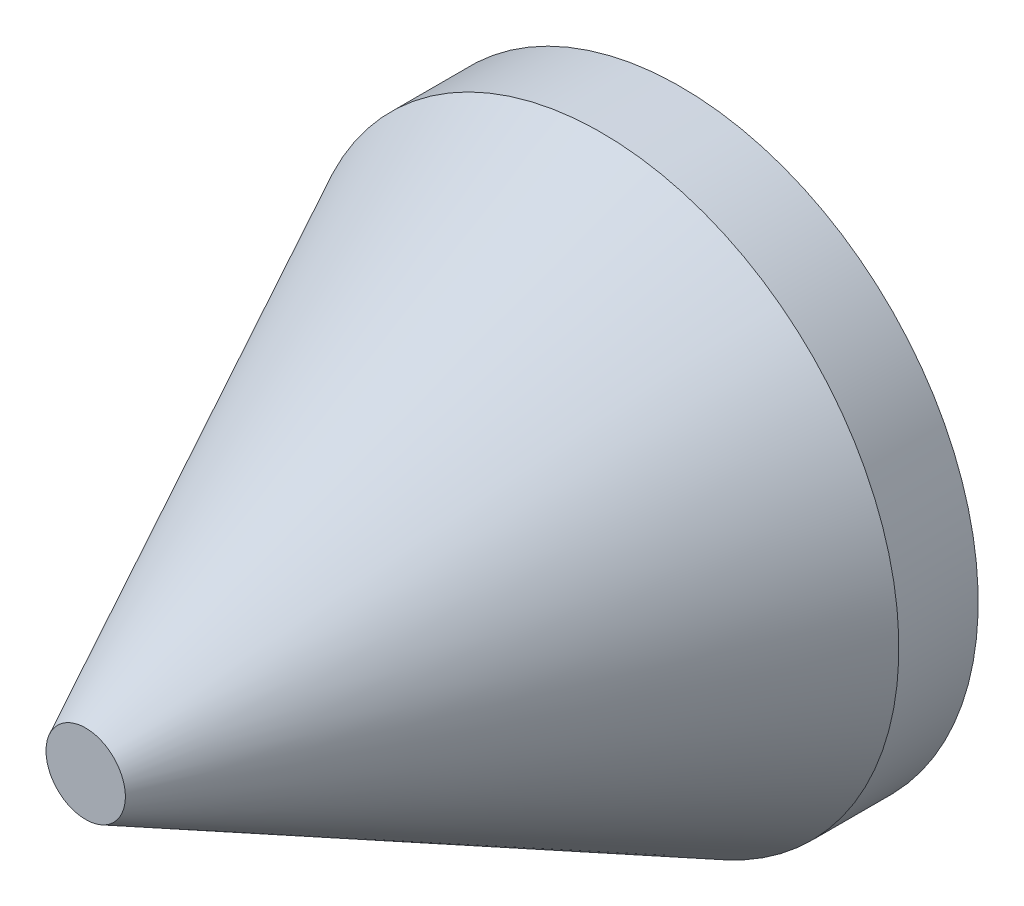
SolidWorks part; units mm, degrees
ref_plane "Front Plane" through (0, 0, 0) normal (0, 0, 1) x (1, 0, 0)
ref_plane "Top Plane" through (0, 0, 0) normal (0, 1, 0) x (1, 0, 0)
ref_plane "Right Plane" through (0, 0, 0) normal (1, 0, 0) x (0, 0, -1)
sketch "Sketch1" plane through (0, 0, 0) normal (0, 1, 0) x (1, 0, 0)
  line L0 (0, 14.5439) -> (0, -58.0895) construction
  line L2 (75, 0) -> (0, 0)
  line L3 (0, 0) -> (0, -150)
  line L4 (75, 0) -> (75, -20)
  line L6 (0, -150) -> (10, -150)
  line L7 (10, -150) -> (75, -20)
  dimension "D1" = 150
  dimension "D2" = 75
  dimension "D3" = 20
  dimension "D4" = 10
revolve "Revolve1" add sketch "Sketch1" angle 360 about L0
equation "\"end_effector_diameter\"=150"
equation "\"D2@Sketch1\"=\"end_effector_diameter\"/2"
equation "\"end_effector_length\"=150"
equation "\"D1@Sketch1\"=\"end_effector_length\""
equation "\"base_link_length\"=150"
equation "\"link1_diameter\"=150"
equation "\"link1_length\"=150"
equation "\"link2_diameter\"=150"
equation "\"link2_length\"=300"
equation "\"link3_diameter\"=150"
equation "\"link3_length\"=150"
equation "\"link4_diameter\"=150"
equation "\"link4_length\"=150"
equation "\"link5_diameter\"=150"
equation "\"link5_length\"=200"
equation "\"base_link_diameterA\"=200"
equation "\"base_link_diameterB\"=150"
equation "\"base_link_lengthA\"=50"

Task goal:
In the listing above, find the line that contains "plane through (0, 0, 0)". Write it out exactly, along with each line after it up to and including the last.

Answer area:
sketch "Sketch1" plane through (0, 0, 0) normal (0, 1, 0) x (1, 0, 0)
  line L0 (0, 14.5439) -> (0, -58.0895) construction
  line L2 (75, 0) -> (0, 0)
  line L3 (0, 0) -> (0, -150)
  line L4 (75, 0) -> (75, -20)
  line L6 (0, -150) -> (10, -150)
  line L7 (10, -150) -> (75, -20)
  dimension "D1" = 150
  dimension "D2" = 75
  dimension "D3" = 20
  dimension "D4" = 10
revolve "Revolve1" add sketch "Sketch1" angle 360 about L0
equation "\"end_effector_diameter\"=150"
equation "\"D2@Sketch1\"=\"end_effector_diameter\"/2"
equation "\"end_effector_length\"=150"
equation "\"D1@Sketch1\"=\"end_effector_length\""
equation "\"base_link_length\"=150"
equation "\"link1_diameter\"=150"
equation "\"link1_length\"=150"
equation "\"link2_diameter\"=150"
equation "\"link2_length\"=300"
equation "\"link3_diameter\"=150"
equation "\"link3_length\"=150"
equation "\"link4_diameter\"=150"
equation "\"link4_length\"=150"
equation "\"link5_diameter\"=150"
equation "\"link5_length\"=200"
equation "\"base_link_diameterA\"=200"
equation "\"base_link_diameterB\"=150"
equation "\"base_link_lengthA\"=50"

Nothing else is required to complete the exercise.